Production of 5-keto- d-gluconate by acetic acid bacteria is catalyzed by pyrroloquinoline quinone (PQQ)-dependent membrane-bound d-gluconate dehydrogenase

Abstract

Gluconobacter suboxydans IFO 12528 was selected as the best strain for 5-keto- d-gluconate (5KGA) production by oxidative fermentation. 5KGA was markedly accumulated by the strain during cultivation in a medium containing d-glucose and/or d-gluconate. The resting cells and the membrane fraction also catalyzed 5KGA formation with a minimal formation of 2-keto- d-gluconate (2KGA), an alternative keto- d-gluconate from d-gluconate. The membrane fraction of the organism was confirmed to contain a membrane-bound d-gluconate dehydrogenase (GADH) catalyzing d-gluconate oxidation to 5KGA of which optimum pH and temperature were found at pH 4 and 15°C, respectively.

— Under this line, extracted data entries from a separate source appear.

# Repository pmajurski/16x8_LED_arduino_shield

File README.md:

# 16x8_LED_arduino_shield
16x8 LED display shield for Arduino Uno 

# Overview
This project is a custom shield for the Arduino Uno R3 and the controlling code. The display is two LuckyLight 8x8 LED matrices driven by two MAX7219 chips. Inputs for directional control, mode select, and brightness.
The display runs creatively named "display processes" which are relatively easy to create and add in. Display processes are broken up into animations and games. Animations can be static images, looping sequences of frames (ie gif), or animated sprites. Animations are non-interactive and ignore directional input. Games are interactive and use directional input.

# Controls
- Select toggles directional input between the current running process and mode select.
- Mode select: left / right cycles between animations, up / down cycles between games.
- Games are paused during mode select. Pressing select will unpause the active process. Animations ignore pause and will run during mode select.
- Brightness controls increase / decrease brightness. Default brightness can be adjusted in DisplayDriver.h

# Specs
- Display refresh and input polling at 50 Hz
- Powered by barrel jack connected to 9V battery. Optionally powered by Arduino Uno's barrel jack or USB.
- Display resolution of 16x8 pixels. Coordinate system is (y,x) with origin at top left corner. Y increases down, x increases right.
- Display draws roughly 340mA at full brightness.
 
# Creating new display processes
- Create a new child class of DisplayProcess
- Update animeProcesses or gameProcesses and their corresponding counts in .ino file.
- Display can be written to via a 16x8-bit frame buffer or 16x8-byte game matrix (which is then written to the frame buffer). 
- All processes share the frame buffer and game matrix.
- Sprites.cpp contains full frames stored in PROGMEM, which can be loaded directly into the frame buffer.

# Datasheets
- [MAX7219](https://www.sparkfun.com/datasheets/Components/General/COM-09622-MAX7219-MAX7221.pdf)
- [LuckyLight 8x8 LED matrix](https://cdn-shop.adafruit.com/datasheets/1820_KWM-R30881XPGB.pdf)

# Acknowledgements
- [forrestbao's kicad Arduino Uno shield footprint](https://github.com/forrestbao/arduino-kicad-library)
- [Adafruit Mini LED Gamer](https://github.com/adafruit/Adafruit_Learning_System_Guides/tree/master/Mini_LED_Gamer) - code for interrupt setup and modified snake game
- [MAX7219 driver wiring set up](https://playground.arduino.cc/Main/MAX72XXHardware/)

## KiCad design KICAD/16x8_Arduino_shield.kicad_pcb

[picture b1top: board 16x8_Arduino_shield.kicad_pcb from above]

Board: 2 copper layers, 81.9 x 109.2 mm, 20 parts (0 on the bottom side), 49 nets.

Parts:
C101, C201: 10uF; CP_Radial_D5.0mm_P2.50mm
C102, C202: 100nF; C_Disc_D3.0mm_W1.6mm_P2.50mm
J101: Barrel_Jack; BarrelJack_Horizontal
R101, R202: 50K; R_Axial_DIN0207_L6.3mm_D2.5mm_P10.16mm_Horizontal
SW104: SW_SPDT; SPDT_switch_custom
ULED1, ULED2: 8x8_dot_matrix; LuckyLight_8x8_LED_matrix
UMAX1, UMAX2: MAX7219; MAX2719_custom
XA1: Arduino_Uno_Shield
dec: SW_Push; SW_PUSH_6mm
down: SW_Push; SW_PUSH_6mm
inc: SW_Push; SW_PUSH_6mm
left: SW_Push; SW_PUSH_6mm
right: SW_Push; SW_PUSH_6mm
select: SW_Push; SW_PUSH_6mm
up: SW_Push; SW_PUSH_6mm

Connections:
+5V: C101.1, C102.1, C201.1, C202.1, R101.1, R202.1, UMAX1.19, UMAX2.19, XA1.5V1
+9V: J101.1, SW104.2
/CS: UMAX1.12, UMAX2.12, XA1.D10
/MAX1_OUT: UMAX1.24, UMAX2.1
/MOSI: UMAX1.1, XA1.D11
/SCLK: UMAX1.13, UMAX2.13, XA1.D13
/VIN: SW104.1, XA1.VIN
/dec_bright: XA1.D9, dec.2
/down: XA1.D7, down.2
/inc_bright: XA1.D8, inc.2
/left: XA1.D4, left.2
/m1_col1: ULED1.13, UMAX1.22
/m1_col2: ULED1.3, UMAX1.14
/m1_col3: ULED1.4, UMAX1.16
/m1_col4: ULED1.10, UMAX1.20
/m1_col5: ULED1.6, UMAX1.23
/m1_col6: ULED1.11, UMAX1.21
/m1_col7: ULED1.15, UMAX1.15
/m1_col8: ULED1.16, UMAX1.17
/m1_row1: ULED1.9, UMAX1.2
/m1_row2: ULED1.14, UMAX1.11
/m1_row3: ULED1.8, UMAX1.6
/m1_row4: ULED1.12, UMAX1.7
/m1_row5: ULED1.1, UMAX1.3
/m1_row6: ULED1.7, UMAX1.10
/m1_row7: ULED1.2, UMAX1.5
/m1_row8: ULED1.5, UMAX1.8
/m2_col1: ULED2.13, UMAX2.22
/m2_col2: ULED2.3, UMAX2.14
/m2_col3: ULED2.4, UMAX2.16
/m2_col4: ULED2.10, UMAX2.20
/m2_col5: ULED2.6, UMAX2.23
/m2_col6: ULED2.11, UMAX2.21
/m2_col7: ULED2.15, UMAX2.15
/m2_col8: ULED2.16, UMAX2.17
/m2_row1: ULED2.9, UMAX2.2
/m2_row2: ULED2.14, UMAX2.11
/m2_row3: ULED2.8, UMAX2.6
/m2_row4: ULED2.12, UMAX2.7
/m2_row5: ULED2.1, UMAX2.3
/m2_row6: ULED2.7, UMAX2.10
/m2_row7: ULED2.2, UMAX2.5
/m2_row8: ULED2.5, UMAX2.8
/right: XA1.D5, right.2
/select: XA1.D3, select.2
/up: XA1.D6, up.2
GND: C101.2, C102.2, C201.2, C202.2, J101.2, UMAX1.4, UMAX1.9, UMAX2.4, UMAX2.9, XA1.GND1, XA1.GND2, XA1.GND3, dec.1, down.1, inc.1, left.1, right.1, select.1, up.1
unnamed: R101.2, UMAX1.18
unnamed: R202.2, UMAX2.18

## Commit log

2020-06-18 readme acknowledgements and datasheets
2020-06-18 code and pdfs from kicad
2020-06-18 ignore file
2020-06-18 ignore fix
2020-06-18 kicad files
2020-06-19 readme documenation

After treating the membrane fraction with EDTA allowing conversion from holo-GADH to the apoenzyme, 5KGA-forming GADH was confirmed to be a pyrroloquinoline quinone (PQQ)-dependent enzyme by the fact that the enzyme activity was restored by the addition of CaCl 2 and PQQ. The 5KGA-forming GADH was totally distinct from 2KGA-forming GADH in which a covalently bound FAD functions as coenzyme. 5KGA-forming GADH was well solubilized from the membrane fraction with n-octyl- β- d-thioglucoside and 5KGA formation was favourably catalyzed at relatively lower temperature, while 2KGA-forming enzyme was solubilized with Triton X-100 and relatively higher temperatures was optimum for 2KGA formation. These results are completely discrepant from the conclusion proposed by Klasen et al. [R. Klasen, S. Bringer-Mayer, H. Sahm, J. Bacteriol., 177, 1995, 2637] claiming that 5KGA was produced by d-gluconate oxidation catalyzed by NADP-dependent cytoplasmic 5KGA reductase from Gluconobacter species at fairly alkaline pH such as 10.